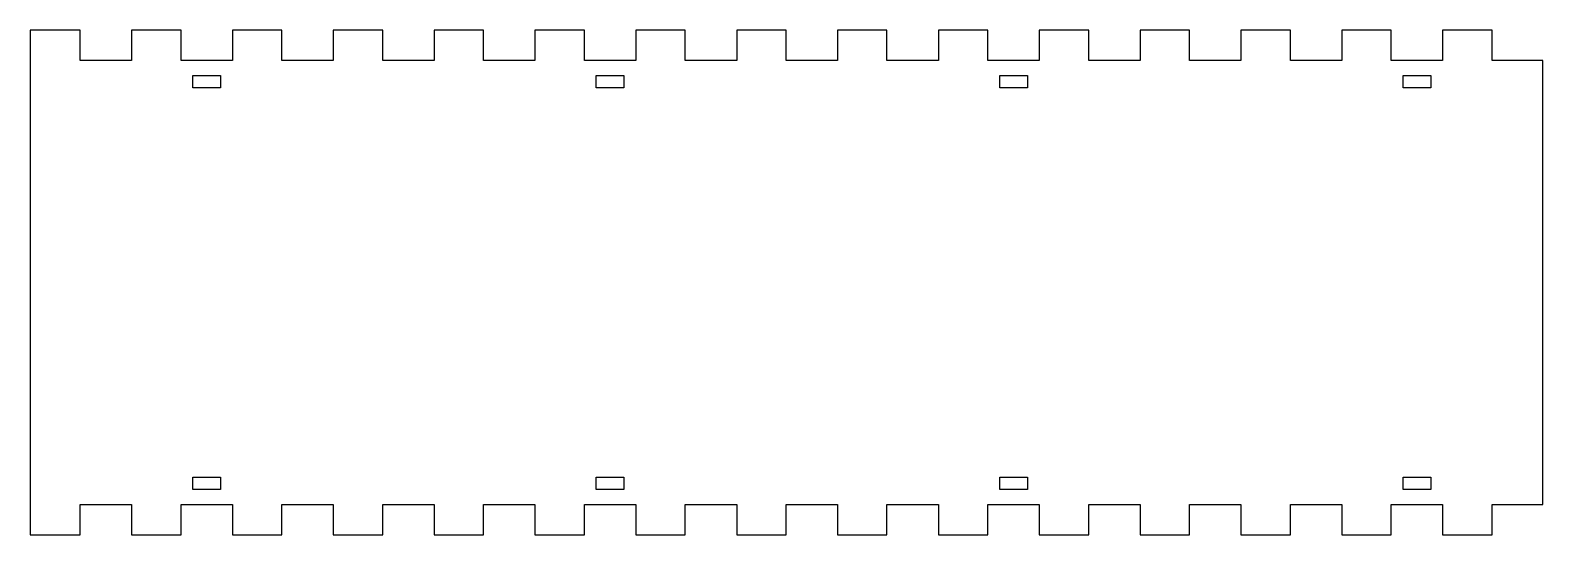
# Model space of a CAD drawing. Header units: millimetres. Extents: x -17 to 283, y -94 to 6.
import ezdxf

# ---------------------------------------------------------------- set-up
doc = ezdxf.new("R2010")
doc.units = ezdxf.units.MM

msp = doc.modelspace()

# ---------------------------------------------------------------- linework, layer by layer
for points in [[(42.83, -88), (42.83, -94), (52.63, -94), (52.63, -88), (62.83, -88), (62.83, -94), (72.63, -94), (72.63, -88), (82.83, -88), (82.83, -94), (92.63, -94), (92.63, -88), (102.83, -88), (102.83, -94), (112.63, -94), (112.63, -88), (122.83, -88), (122.83, -94), (132.63, -94), (132.63, -88), (142.83, -88), (142.83, -94), (152.63, -94), (152.63, -88), (162.83, -88), (162.83, -94), (172.63, -94), (172.63, -88), (182.83, -88), (182.83, -94), (192.63, -94), (192.63, -88), (202.83, -88), (202.83, -94), (212.63, -94), (212.63, -88), (222.83, -88), (222.83, -94), (232.63, -94), (232.63, -88), (242.83, -88), (242.83, -94), (252.63, -94), (252.63, -88), (262.83, -88), (262.83, -94), (272.63, -94), (272.63, -88), (282.68, -88), (282.68, 0), (272.63, 0), (272.63, 6), (262.83, 6), (262.83, 0), (252.63, 0), (252.63, 6), (242.83, 6), (242.83, 0), (232.63, 0), (232.63, 6), (222.83, 6), (222.83, 0), (212.63, 0), (212.63, 6), (202.83, 6), (202.83, 0), (192.63, 0), (192.63, 6), (182.83, 6), (182.83, 0), (172.63, 0), (172.63, 6), (162.83, 6), (162.83, 0), (152.63, 0), (152.63, 6), (142.83, 6), (142.83, 0), (132.63, 0), (132.63, 6), (122.83, 6), (122.83, 0), (112.63, 0), (112.63, 6), (102.83, 6), (102.83, 0), (92.63, 0), (92.63, 6), (82.83, 6), (82.83, 0), (72.63, 0), (72.63, 6), (62.83, 6), (62.83, 0), (52.63, 0), (52.63, 6), (42.83, 6), (42.83, 0), (32.63, 0), (32.63, 6), (22.83, 6), (22.83, 0), (12.63, 0), (12.63, 6), (2.83, 6), (2.83, 0), (-7.37, 0), (-7.37, 6), (-17.27, 6), (-17.27, -94), (-7.37, -94), (-7.37, -88), (2.83, -88), (2.83, -94), (12.63, -94), (12.63, -88), (22.83, -88), (22.83, -94), (32.63, -94), (32.63, -88)], [(20.48, -3), (20.48, -5.4), (14.98, -5.4), (14.98, -3)], [(100.48, -3), (100.48, -5.4), (94.98, -5.4), (94.98, -3)], [(180.48, -3), (180.48, -5.4), (174.98, -5.4), (174.98, -3)], [(254.98, -5.4), (254.98, -3), (260.48, -3), (260.48, -5.4)], [(20.48, -82.6), (20.48, -85), (14.98, -85), (14.98, -82.6)], [(100.48, -82.6), (100.48, -85), (94.98, -85), (94.98, -82.6)], [(180.48, -82.6), (180.48, -85), (174.98, -85), (174.98, -82.6)], [(260.48, -82.6), (260.48, -85), (254.98, -85), (254.98, -82.6)]]:
    msp.add_lwpolyline(points, close=True)

doc.saveas('drawing.dxf')
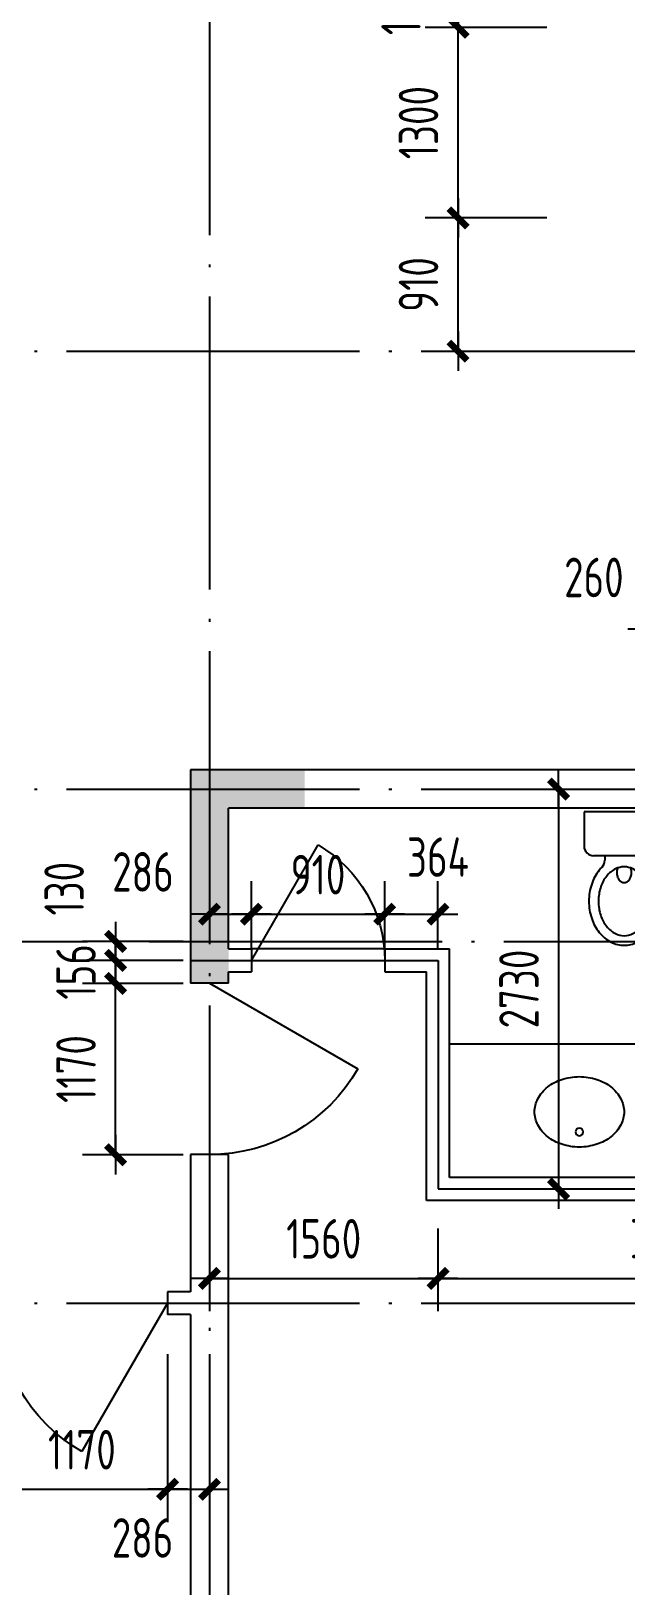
# Model space of a CAD drawing. Extents: x -726032 to 135930, y -151624 to 587044.
# Drawn here: x -587142 to -583081, y 553499 to 564114 of the extents above; entities that cross this region are included whole.
import ezdxf
from ezdxf.enums import TextEntityAlignment as Align

# ---------------------------------------------------------------- set-up
doc = ezdxf.new("R2010")
doc.units = 0
doc.header["$LTSCALE"] = 1000
doc.header["$MEASUREMENT"] = 0
doc.linetypes.add('DOTE', pattern=[2.42, 2, -0.2, 0.02, -0.2])
doc.layers.get('0').update_dxf_attribs({"linetype": 'CONTINUOUS'})
doc.layers.get('DEFPOINTS').update_dxf_attribs({"color": 1, "linetype": 'CONTINUOUS'})
for name, color, linetype in [('COLUMN', 170, 'CONTINUOUS'), ('DOTE', 8, 'DOTE'), ('GROUND', 45, 'CONTINUOUS'), ('LVTRY', 6, 'CONTINUOUS'), ('PUB_DIM', 245, 'CONTINUOUS'), ('WALL', 255, 'CONTINUOUS'), ('WINDOW', 155, 'CONTINUOUS'), ('WINDOW_TEXT', 7, 'CONTINUOUS')]:
    doc.layers.add(name, color=color, linetype=linetype)
doc.styles.add('DIM_FONT', font='isocp.shx', dxfattribs={"width": 0.8})
doc.styles.add('SIMPLEX', font='SIMPLEX.SHX')
doc.dimstyles.new('DIMA', dxfattribs={"dimtxt": 300, "dimasz": 1, "dimexe": 250, "dimexo": 300, "dimgap": 150, "dimtad": 1, "dimdec": 0, "dimzin": 0, "dimdsep": 46, "dimtxsty": 'DIM_FONT', "dimcen": 0.09, "dimse1": 1, "dimclrt": 142, "dimadec": 0, "dimazin": 0, "dimtfac": 1, "dimtdec": 0, "dimtix": 1, "dimtmove": 2, "dimatfit": 3, "dimfxl": 1, "dimtolj": 1, "dimtzin": 0, "dimarcsym": 0})
doc.dimstyles.new('DIMB', dxfattribs={"dimtxt": 300, "dimasz": 1, "dimexe": 250, "dimexo": 300, "dimgap": 150, "dimtad": 1, "dimdec": 0, "dimzin": 0, "dimdsep": 46, "dimtxsty": 'DIM_FONT', "dimcen": 0.09, "dimse2": 1, "dimclrt": 142, "dimadec": 0, "dimazin": 0, "dimtfac": 1, "dimtdec": 0, "dimtix": 1, "dimtmove": 2, "dimatfit": 3, "dimfxl": 1, "dimtolj": 1, "dimtzin": 0, "dimarcsym": 0})
doc.dimstyles.new('DIMN', dxfattribs={"dimtxt": 300, "dimasz": 1, "dimexe": 250, "dimexo": 300, "dimgap": 150, "dimtad": 1, "dimdec": 0, "dimzin": 0, "dimdsep": 46, "dimtxsty": 'DIM_FONT', "dimcen": 0.09, "dimclrt": 142, "dimadec": 0, "dimazin": 0, "dimtfac": 1, "dimtdec": 0, "dimtix": 1, "dimtmove": 2, "dimatfit": 3, "dimfxl": 1, "dimtolj": 1, "dimtzin": 0, "dimarcsym": 0})

# ---------------------------------------------------------------- blocks, each defined once
blk = doc.blocks.new('_DIMX')
blk.add_line((-150, 0), (150, 0))
at = {"const_width": 50}
blk.add_lwpolyline([(-70, -70), (70, 70)], dxfattribs=at)
blk = doc.blocks.new('*D768')
at = {"layer": 'DEFPOINTS', "color": 0, "transparency": 16777216}
for p in [(-582934, 561221), (-582674, 561221), (-582674, 560033)]:
    blk.add_point(p, dxfattribs=at)
at = {"layer": 'PUB_DIM', "color": 0, "lineweight": -2, "transparency": 16777216}
for p, q in [((-582934, 560951), (-582934, 559808)), ((-582935, 560033), (-582936, 560033)), ((-582934, 560033), (-582674, 560033)), ((-582673, 560033), (-582672, 560033))]:
    blk.add_line(p, q, dxfattribs=at)
at = {"layer": 'PUB_DIM', "color": 0, "lineweight": -2, "transparency": 16777216, "xscale": 0.9, "yscale": 0.9, "zscale": 0.9}
blk.add_blockref('_DIMX', (-582934, 560033), dxfattribs=at)
at = {"layer": 'PUB_DIM', "color": 0, "lineweight": -2, "transparency": 16777216, "xscale": 0.9, "yscale": 0.9, "zscale": 0.9, "rotation": 180}
blk.add_blockref('_DIMX', (-582674, 560033), dxfattribs=at)
at = {"layer": 'PUB_DIM', "color": 142, "transparency": 16777216, "insert": (-583300, 560384), "char_height": 270, "attachment_point": 5, "style": 'DIM_FONT'}
blk.add_mtext('\\A1;260', dxfattribs=at)
blk = doc.blocks.new('*D794')
at = {"layer": 'DEFPOINTS', "color": 0, "transparency": 16777216}
for p in [(-585924, 556469), (-584364, 556209), (-584364, 555599)]:
    blk.add_point(p, dxfattribs=at)
at = {"layer": 'PUB_DIM', "color": 0, "lineweight": -2, "transparency": 16777216}
for p, q in [((-585924, 556199), (-585924, 555374)), ((-584364, 555939), (-584364, 555374)), ((-585923, 555599), (-584365, 555599))]:
    blk.add_line(p, q, dxfattribs=at)
at = {"layer": 'PUB_DIM', "color": 0, "lineweight": -2, "transparency": 16777216, "xscale": 0.9, "yscale": 0.9, "zscale": 0.9, "rotation": 180}
blk.add_blockref('_DIMX', (-585924, 555599), dxfattribs=at)
at = {"layer": 'PUB_DIM', "color": 0, "lineweight": -2, "transparency": 16777216, "xscale": 0.9, "yscale": 0.9, "zscale": 0.9}
blk.add_blockref('_DIMX', (-584364, 555599), dxfattribs=at)
at = {"layer": 'PUB_DIM', "color": 142, "transparency": 16777216, "insert": (-585144, 555869), "char_height": 270, "attachment_point": 5, "style": 'DIM_FONT'}
blk.add_mtext('\\A1;1560', dxfattribs=at)
blk = doc.blocks.new('_LV5')
for p, q in [((210.1, 0), (-210.1, 0)), ((-210.1, 0), (-210.1, -180)), ((210.1, -180), (210.1, 0)), ((160.1, -230), (-160.1, -230)), ((-101.4, -230), (-101.4, -254.3)), ((101.4, -230), (101.4, -254.1))]:
    blk.add_line(p, q)
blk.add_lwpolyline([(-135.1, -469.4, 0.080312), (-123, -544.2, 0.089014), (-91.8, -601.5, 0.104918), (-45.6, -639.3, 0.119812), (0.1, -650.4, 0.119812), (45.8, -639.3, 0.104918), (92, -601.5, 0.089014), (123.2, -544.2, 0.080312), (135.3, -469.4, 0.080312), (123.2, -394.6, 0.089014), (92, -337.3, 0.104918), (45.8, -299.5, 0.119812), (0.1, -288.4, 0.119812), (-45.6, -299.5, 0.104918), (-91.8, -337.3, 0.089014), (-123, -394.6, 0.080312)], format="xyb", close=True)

═══

When a line of the entries above contains the word "DOTE", include it in a tally, then give that tally alone.

2